(Supplied records begins)

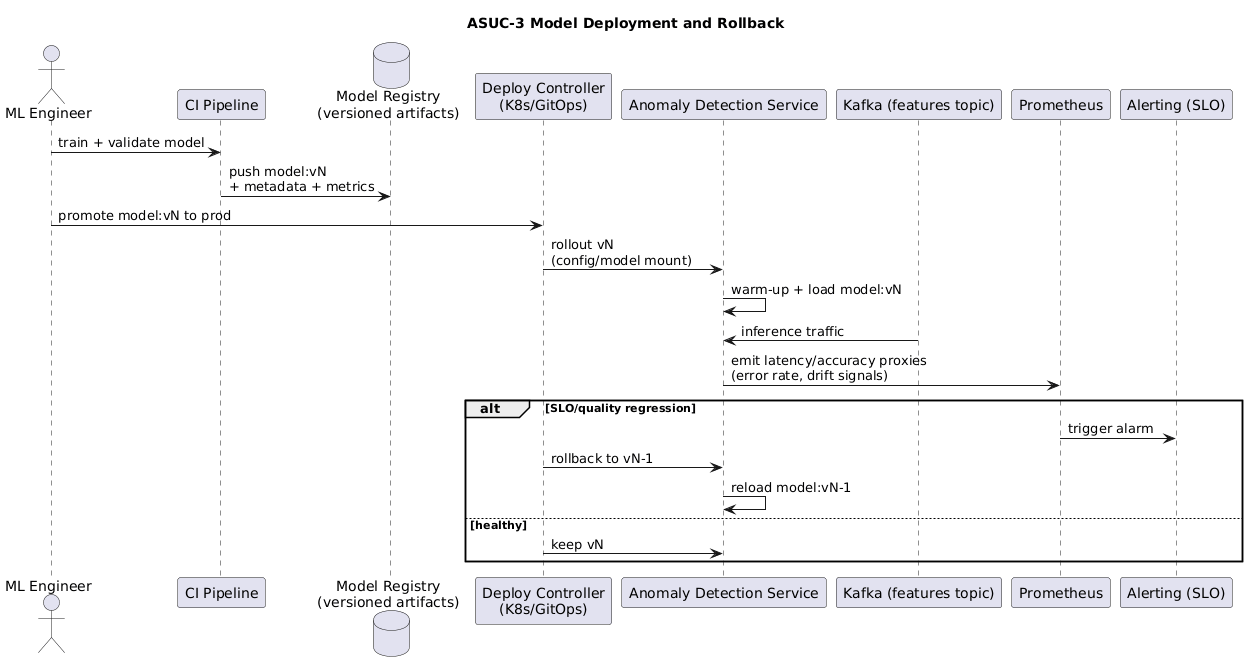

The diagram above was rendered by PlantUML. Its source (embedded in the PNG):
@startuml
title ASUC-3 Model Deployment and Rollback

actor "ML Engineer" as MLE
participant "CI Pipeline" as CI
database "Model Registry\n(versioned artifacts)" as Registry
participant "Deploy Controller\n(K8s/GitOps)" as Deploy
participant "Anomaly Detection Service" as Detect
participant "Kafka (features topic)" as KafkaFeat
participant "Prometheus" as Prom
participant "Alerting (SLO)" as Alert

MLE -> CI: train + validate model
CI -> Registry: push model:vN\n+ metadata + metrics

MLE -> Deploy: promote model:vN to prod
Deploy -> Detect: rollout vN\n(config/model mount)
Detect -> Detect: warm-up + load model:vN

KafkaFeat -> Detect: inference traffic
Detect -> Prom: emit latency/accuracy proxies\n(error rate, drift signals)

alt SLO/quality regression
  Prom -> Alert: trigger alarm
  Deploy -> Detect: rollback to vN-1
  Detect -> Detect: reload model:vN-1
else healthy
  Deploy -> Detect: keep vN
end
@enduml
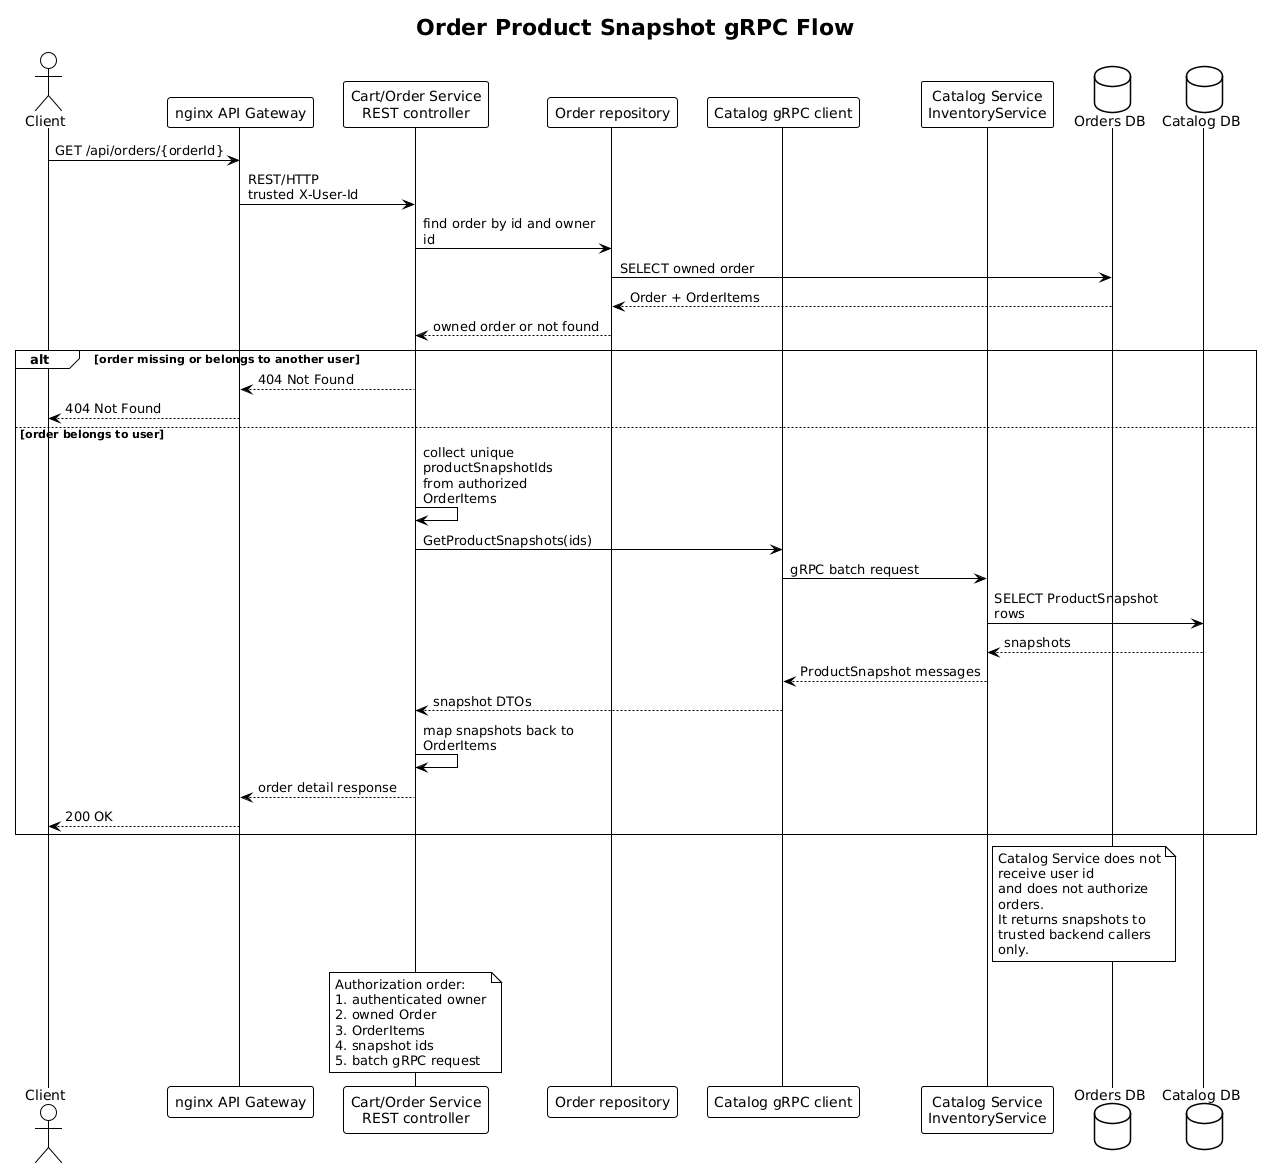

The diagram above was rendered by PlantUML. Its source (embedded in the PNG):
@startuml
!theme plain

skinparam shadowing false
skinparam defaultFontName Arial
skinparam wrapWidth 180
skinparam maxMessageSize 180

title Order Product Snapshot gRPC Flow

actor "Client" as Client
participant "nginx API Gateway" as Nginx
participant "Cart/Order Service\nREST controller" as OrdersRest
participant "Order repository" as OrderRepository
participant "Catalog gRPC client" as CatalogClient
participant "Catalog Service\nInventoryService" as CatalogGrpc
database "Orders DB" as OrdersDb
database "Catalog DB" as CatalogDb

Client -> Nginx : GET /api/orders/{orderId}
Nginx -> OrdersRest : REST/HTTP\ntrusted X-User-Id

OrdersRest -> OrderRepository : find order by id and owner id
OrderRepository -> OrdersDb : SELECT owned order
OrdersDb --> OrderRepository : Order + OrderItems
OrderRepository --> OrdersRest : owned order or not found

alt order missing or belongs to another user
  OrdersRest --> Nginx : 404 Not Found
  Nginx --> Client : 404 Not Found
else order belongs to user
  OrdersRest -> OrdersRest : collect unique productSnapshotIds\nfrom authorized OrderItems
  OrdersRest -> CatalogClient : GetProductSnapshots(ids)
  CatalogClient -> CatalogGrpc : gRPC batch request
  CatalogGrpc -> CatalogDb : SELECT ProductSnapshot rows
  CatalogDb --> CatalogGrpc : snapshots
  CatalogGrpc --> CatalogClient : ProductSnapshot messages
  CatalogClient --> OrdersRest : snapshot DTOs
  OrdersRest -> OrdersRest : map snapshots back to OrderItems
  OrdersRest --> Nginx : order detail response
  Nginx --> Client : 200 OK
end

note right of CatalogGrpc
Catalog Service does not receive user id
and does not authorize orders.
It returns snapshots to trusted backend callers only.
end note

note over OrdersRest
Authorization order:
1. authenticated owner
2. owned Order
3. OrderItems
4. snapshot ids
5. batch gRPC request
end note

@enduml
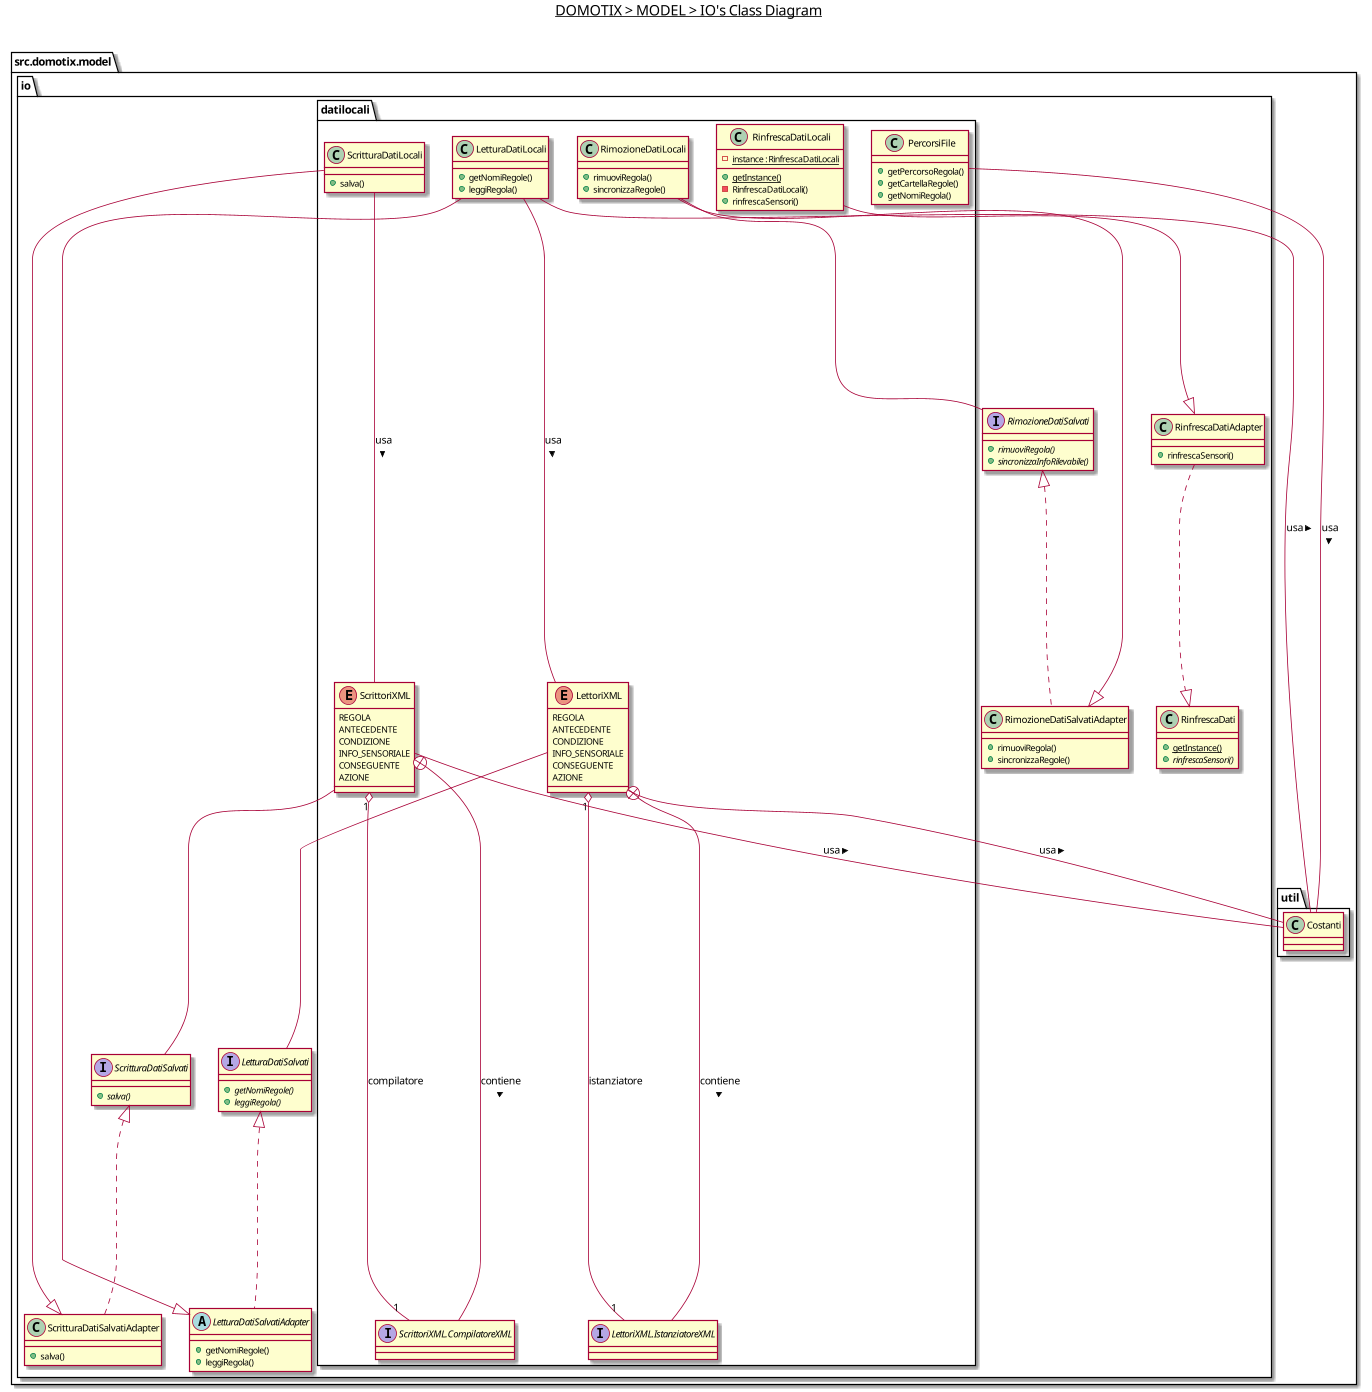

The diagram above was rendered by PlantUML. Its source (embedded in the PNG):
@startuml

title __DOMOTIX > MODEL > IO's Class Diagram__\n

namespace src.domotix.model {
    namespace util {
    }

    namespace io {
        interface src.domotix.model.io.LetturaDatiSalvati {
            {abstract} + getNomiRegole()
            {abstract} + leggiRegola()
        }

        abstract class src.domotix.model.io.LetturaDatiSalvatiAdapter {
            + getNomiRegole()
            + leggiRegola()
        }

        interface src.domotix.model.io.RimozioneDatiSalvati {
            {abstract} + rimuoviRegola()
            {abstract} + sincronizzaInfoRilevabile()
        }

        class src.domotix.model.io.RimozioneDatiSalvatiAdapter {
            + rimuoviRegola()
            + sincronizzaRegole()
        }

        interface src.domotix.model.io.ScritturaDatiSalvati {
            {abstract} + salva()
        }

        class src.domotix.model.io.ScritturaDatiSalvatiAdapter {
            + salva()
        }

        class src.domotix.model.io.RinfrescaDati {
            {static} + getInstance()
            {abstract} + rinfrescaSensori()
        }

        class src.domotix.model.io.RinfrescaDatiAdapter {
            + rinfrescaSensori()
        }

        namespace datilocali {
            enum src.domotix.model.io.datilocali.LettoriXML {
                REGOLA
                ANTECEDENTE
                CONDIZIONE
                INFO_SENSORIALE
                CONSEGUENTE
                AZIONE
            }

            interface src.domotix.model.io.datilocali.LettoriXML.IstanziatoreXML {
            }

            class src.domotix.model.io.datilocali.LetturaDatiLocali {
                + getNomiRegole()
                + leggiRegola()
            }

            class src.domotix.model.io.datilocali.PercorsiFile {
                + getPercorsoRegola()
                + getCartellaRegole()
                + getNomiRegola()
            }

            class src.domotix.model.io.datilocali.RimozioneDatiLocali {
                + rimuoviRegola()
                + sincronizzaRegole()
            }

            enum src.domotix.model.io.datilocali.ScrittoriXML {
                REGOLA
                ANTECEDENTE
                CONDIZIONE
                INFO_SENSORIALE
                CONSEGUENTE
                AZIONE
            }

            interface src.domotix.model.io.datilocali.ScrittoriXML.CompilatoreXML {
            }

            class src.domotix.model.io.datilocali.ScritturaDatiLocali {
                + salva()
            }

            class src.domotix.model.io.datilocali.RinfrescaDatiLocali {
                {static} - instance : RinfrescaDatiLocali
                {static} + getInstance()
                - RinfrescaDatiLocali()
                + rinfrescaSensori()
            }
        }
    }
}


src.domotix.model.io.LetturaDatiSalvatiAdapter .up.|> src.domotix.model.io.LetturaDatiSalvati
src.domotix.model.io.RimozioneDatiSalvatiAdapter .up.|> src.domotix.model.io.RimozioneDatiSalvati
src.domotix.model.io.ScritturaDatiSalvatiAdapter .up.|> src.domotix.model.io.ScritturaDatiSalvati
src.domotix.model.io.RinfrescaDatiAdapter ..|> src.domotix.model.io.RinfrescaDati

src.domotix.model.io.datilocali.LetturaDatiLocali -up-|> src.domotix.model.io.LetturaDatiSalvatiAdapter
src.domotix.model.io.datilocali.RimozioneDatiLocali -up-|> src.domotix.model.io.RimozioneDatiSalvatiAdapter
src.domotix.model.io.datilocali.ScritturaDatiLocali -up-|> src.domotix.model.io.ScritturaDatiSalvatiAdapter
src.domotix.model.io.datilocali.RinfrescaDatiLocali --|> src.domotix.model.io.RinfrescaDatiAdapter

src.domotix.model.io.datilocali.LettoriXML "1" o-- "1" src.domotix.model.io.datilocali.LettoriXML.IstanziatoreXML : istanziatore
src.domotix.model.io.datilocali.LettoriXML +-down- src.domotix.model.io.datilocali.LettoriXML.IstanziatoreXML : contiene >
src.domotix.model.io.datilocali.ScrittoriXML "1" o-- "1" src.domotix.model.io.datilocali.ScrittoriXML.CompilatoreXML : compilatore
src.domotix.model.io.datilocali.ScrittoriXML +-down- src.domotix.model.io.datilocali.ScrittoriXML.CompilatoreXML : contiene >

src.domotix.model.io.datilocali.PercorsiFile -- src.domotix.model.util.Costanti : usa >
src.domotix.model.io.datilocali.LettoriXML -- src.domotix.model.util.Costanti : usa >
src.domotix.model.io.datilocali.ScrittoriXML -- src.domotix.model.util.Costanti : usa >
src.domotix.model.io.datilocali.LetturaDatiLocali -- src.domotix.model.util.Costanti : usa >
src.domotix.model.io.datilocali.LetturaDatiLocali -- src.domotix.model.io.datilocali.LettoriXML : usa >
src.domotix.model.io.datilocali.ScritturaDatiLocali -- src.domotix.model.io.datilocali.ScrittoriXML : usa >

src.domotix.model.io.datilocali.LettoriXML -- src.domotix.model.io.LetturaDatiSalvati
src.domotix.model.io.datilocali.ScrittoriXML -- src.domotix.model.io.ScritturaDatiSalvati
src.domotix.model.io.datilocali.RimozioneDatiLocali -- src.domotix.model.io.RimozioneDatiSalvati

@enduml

(Supplied records ends)

Your instructions: For every line of the data above that contains "PercorsiFile", copy that line.

Exercise answer:
            class src.domotix.model.io.datilocali.PercorsiFile {
src.domotix.model.io.datilocali.PercorsiFile -- src.domotix.model.util.Costanti : usa >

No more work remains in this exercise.